Kader kecil pasukan pasukan khusus yang sangat terlatih juga tidak mungkin dikerahkan ke Ukraina, Kulakevich menambahkan, karena Lukashenko membutuhkan mereka untuk menekan kerusuhan domestik.
Namun, ada cara lain Belarusia dapat menjadi sekutu yang berguna bagi Rusia.
Pada bulan Februari, setelah referendum yang diduga dicurangi, Belarusia mengumumkan bahwa pihaknya membatalkan komitmennya untuk tetap bebas nuklir, membuka jalan bagi persenjataan atom Rusia untuk ditempatkan di sana.
Bulan ini, Putin mengumumkan dia akan menempatkan hulu ledak nuklir di Belarusia, menanggapi Inggris yang mengirimkan peluru uranium ke Ukraina.
“Tentu saja, Rusia memiliki pengaruh besar pada otoritas dan masyarakat Belarusia,” kata Danila Lavretski, sekretaris jenderal gerakan oposisi Blok Pemuda Belarusia.
“Integrasi politik dalam kerangka yang disebut ‘Negara Persatuan’ secara langsung bertentangan dengan konstitusi Belarusia dan, bersama dengan [other] faktor, dapat mengarah pada situasi di mana kemerdekaan Belarus hanya akan tetap nominal.”
Menurutnya, Belarus tidak memiliki jenis nasionalisme yang telah mendefinisikan sebagian besar sejarah Ukraina baru-baru ini.
Namun dalam beberapa tahun terakhir, permintaan akan “nasionalisme Belarusia” telah tumbuh di masyarakat, katanya kepada Al Jazeera.
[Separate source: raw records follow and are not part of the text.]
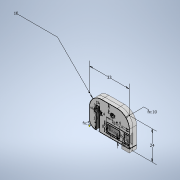
# Autodesk Inventor part: Front
Saved by Autodesk Inventor 2020 (Build 240168000, 168)
## iProperties
Created: 2022-09-30
Part Number: Front
Material: Generic
Document SubType Name: Modeling
Designer: jsp534
Density: 1 g/cm^3
Appearance: Default
Author: jsp534
Autodesk Inventor part; units mm, degrees
ref_plane "YZ Plane" through (0, 0, 0) normal (1, 0, 0) x (0, 1, 0)
ref_plane "XZ Plane" through (0, 0, 0) normal (0, 1, 0) x (-1, 0, 0)
ref_plane "XY Plane" through (0, 0, 0) normal (0, 0, 1) x (1, 0, 0)
sketch "Sketch1" plane through (0, 0, 0) normal (0, 0, 1) x (1, 0, 0)
  line L0 (5, 0) -> (5.475, 0)
  line L1 (33, 0) -> (33, 14)
  line L2 (23, 24) -> (10, 24)
  line L3 (0, 14) -> (0, 5)
  line L4 (5.475, 0) -> (5.475, 12.6)
  line L5 (5.475, 12.6) -> (4, 12.6)
  line L6 (4, 12.6) -> (4, 15)
  line L7 (4, 15) -> (5.475, 15)
  line L8 (5.475, 15) -> (5.475, 18)
  line L9 (5.475, 18) -> (8.475, 18)
  line L10 (8.475, 18) -> (8.475, 15)
  line L11 (8.475, 15) -> (9.95, 15)
  line L12 (9.95, 15) -> (9.95, 12.6)
  line L13 (9.95, 12.6) -> (8.475, 12.6)
  line L14 (8.475, 12.6) -> (8.475, 0)
  circle A0 centre (19, 17) radius 1.6
  line L15 (5.475, 0) -> (8.475, 0) construction
  line L16 (8.475, 0) -> (33, 0)
  line L17 (33, 2) -> (14.1, 2)
  line L18 (14.1, 2) -> (14.1, 6.05)
  line L19 (14.1, 10.1) -> (33, 10.1)
  line L20 (33, 10.1) -> (33, 2)
  line L21 (33, 9.1) -> (28.7, 9.1)
  line L22 (28.7, 9.1) -> (28.7, 6.05)
  line L23 (28.7, 3) -> (33, 3)
  line L24 (33, 3) -> (33, 9.1)
  line L25 (14.9, 8.85) -> (25, 8.85)
  line L26 (25, 8.85) -> (25, 3.25)
  line L27 (25, 3.25) -> (14.9, 3.25)
  line L28 (14.9, 3.25) -> (14.9, 6.05)
  line L29 (14.1, 6.05) -> (33, 6.05) construction
  line L30 (14.9, 6.05) -> (14.9, 8.85)
  line L31 (28.7, 6.05) -> (28.7, 3)
  line L32 (14.1, 6.05) -> (14.1, 10.1)
  arc A1 (10, 24) -> (0, 14) centre (10, 14) ccw
  arc A2 (33, 14) -> (23, 24) centre (23, 14) ccw
  arc A3 (0, 5) -> (5, 0) centre (5, 5) ccw
  point P0 (0, 0)
  point P1 (33, 24)
  point P2 (0, 24)
  dimension "totalWidth" = 33
  dimension "totalHeight" = 24
  dimension "edgeToNut" = 4
  dimension "boltHoleWidth" = 3
  dimension "nutSlotEndOffset" = 3
  dimension "boltHoleLength" = 18
  dimension "nutSlotDepth" = 2.4
  dimension "nutSlotWidth" = 5.95
  dimension "boltVertOffset" = 7
  dimension "boltDiameter" = 3.2
  dimension "boltHorizOffset" = 14
  dimension "IRSensorLength" = 18.9
  dimension "IRSensorHeight" = 8.1
  dimension "IRSensorVertOffset" = 2
  dimension "IRModuleHeight" = 5.6
  dimension "IRModuleLength" = 10.1
  dimension "moduleConnectorGap" = 3.7
  dimension "connectorHeight" = 6.1
  dimension "connectorWidth" = 4.3
  dimension "topFillet" = 10
  dimension "d20" = 10
  dimension "d21" = 5
  constraints: 66 end point, 19 point on line, 15 perpendicular, 13 parallel, 6 horizontal, 6 point on circle, 6 tangent, 4 centre point, 4 collinear, 1 midpoint, 1 vertical
  measures "totalWidth" distance of point (0, 24) point (33, 24)
  measures "totalHeight" distance of point (33, 24) L1.start
  measures "edgeToNut" distance between parallel lines of L6 L3
  measures "boltHoleWidth" distance of L8.end L9.end
  measures "nutSlotEndOffset" distance of L7.end L8.end
  measures "boltHoleLength" distance between parallel lines of L0 L9
  measures "nutSlotDepth" distance of L11.end L12.end
  measures "nutSlotWidth" distance between parallel lines of L12 L6
  measures "boltVertOffset" distance from line of L2 A0.centre
  measures "boltDiameter" diameter of A0
  measures "boltHorizOffset" distance from line of L1 A0.centre
  measures "IRSensorLength" distance of L19.start L19.end
  measures "IRSensorHeight" distance of L17.end L19.start
  measures "IRSensorVertOffset" distance between parallel lines of L17 L16
  measures "IRModuleHeight" distance between parallel lines of L27 L25
  measures "IRModuleLength" distance of L26.end L27.end
  measures "moduleConnectorGap" distance between parallel lines of L22 L26
  measures "connectorHeight" distance between parallel lines of L21 L23
  measures "connectorWidth" distance of L23.start L23.end
  measures "topFillet" radius of A1
  measures "d20" radius of A2
  measures "d21" radius of A3
extrude "Extrusion1" add sketch "Sketch1" against normal blind 3 contours A3 L3 A1 L2 A2 L1 L19 L32 L18 L17 L16 L14 L13 L12 L11 L10 L9 L8 L7 L6 L5 L4 L0 | L1 L21 L22 L31 L23 L17 L18 L32 L19
fillet "Fillet1" radius 1 2 edges at (5.475, 18, -1.5) (8.475, 18, -1.5)
fillet "Fillet2" radius 0.5 2 edges at (4, 12.6, -1.5) (9.95, 12.6, -1.5)
extrude "Extrusion2" add sketch "Sketch1" against normal blind 3 from surface at -3 separate body contours A3 L3 A1 L2 A2 L1 L19 L32 L18 L17 L16 L14 L13 L12 L11 L10 L9 L8 L7 L6 L5 L4 L0 | L1 L21 L22 L31 L23 L17 L18 L32 L19 | L1 L23 L31 L22 L21 | L25 L26 L27 L28 L30
sketch "Sketch2" plane through (33, 0, -6) normal (0, 0, -1) x (-1, 0, 0)
  circle A0 centre (14, 17) radius 1.6 projected
  line L0 (15.6454, 19.85) -> (17.2909, 17)
  line L1 (17.2909, 17) -> (15.6454, 14.15)
  line L2 (15.6454, 14.15) -> (12.3546, 14.15)
  line L3 (12.3546, 14.15) -> (10.7091, 17)
  line L4 (10.7091, 17) -> (12.3546, 19.85)
  line L5 (12.3546, 19.85) -> (15.6454, 19.85)
  line L6 (23, 24) -> (10, 24) projected
  point P0 (33, 0)
  dimension "nutSlotDiameter" = 5.7
  constraints: 12 end point, 1 coincident, 1 parallel, 13 other
  measures "nutSlotDiameter" distance between parallel lines of L1 L4
extrude "Extrusion3" cut sketch "Sketch2" against normal blind 1.5 bodies 2
sketch "Sketch3" plane through (8.475, 0, 0) normal (0, -1, 0) x (1, 0, 0)
  line L0 (24.525, -6) -> (0, -6) projected
  line L1 (24.525, -6) -> (18.525, -6)
  line L2 (18.525, -6) -> (18.525, 0)
  line L3 (18.525, 0) -> (24.525, 0)
  line L4 (24.525, 0) -> (24.525, -6)
  line L5 (24.525, -6) -> (24.525, -3) projected
  line L6 (24.525, -3) -> (18.525, -3)
  line L7 (24.525, -3) -> (0, -3) projected
  point P0 (-8.475, 0)
  dimension "d31" = 6
  dimension "d32" = 6
  constraints: 10 end point, 2 parallel, 1 horizontal, 1 midpoint, 1 perpendicular, 1 point on line
  measures "d31" distance between parallel lines of L2 L4
  measures "d32" distance between parallel lines of L0 L3
extrude "Extrusion4" add sketch "Sketch3" along normal blind 3 contours L6 L2 L3 L4 bodies 1
extrude "Extrusion5" add sketch "Sketch3" along normal blind 3 contours L0 L2 L6 L4 bodies 2
sketch "Sketch4" plane through (10, 24, -3) normal (0, 0, 1) x (1, 0, 0)
  line L0 (4.1, -13.9) -> (23, -13.9) projected
  line L1 (23, -13.9) -> (23, -22) projected
  line L2 (23, -22) -> (4.1, -22) projected
  line L3 (4.1, -22) -> (4.1, -17.95) projected
  line L4 (4.1, -17.95) -> (4.1, -13.9) projected
  point P0 (-10, -24)
extrude "Extrusion6" cut sketch "Sketch4" along normal blind 1 bodies 1
fillet "Fillet3" radius 1 2 edges at (5.475, 18, -4.5) (8.475, 18, -4.5)
fillet "Fillet4" radius 0.5 2 edges at (9.95, 12.6, -4.5) (4, 12.6, -4.5)
equation "\"d20\" = topFillet"
equation "\"d21\" = 0.5 * topFillet"
equation "\"d29\" = 0.5 * perspexThickness"
equation "\"d31\" = 2 * perspexThickness"
equation "\"d32\" = 2 * perspexThickness"
equation "\"d33\" = perspexThickness"
equation "\"d35\" = perspexThickness"
equation "\"perspexThickness\" = 3"

“Rezim Lukashenko tidak hanya menghancurkan institusi demokrasi secara sistematis, tetapi juga berkontribusi pada penurunan identitas diri Belarusia. Sejak 1994, jumlah sekolah berbahasa Belarusia menurun, bahasa Rusia diadopsi sebagai bahasa negara bagian kedua, dan lambang negara sebelumnya, bendera putih-merah, diganti dengan lambang Soviet dan malah menjadi lambang. dari oposisi.”
Seperti di Rusia, sejumlah warga Belarusia juga memprotes perang di Ukraina. Ada 800 penangkapan pada malam 27 Februari tahun lalu, pada aksi unjuk rasa solidaritas dengan Ukraina.
“Bagi oposisi Belarusia, permulaan perang menjadi kesempatan untuk memobilisasi pendukung mereka dan warga yang ‘goyah’,” kata Lavretski. “Ada konsensus dalam masyarakat Belarusia yang menolak perang sebagai fenomena pada umumnya, dan terlebih lagi perang dengan partisipasi rakyat Belarusia.”
Meskipun sebagian besar orang Belarusia masih cenderung berpikir positif terhadap Rusia, masyarakat menjadi lebih terpolarisasi; banyak yang memandang Lukashenko tidak lebih dari boneka Putin.
“Menargetkan populasinya sendiri setelah tahun 2020, Lukashenko menembak dirinya sendiri dan tidak lagi mempengaruhi Putin karena dia tetap menjadi satu-satunya sekutu politik yang dekat dan kuat,” kata Rudnik.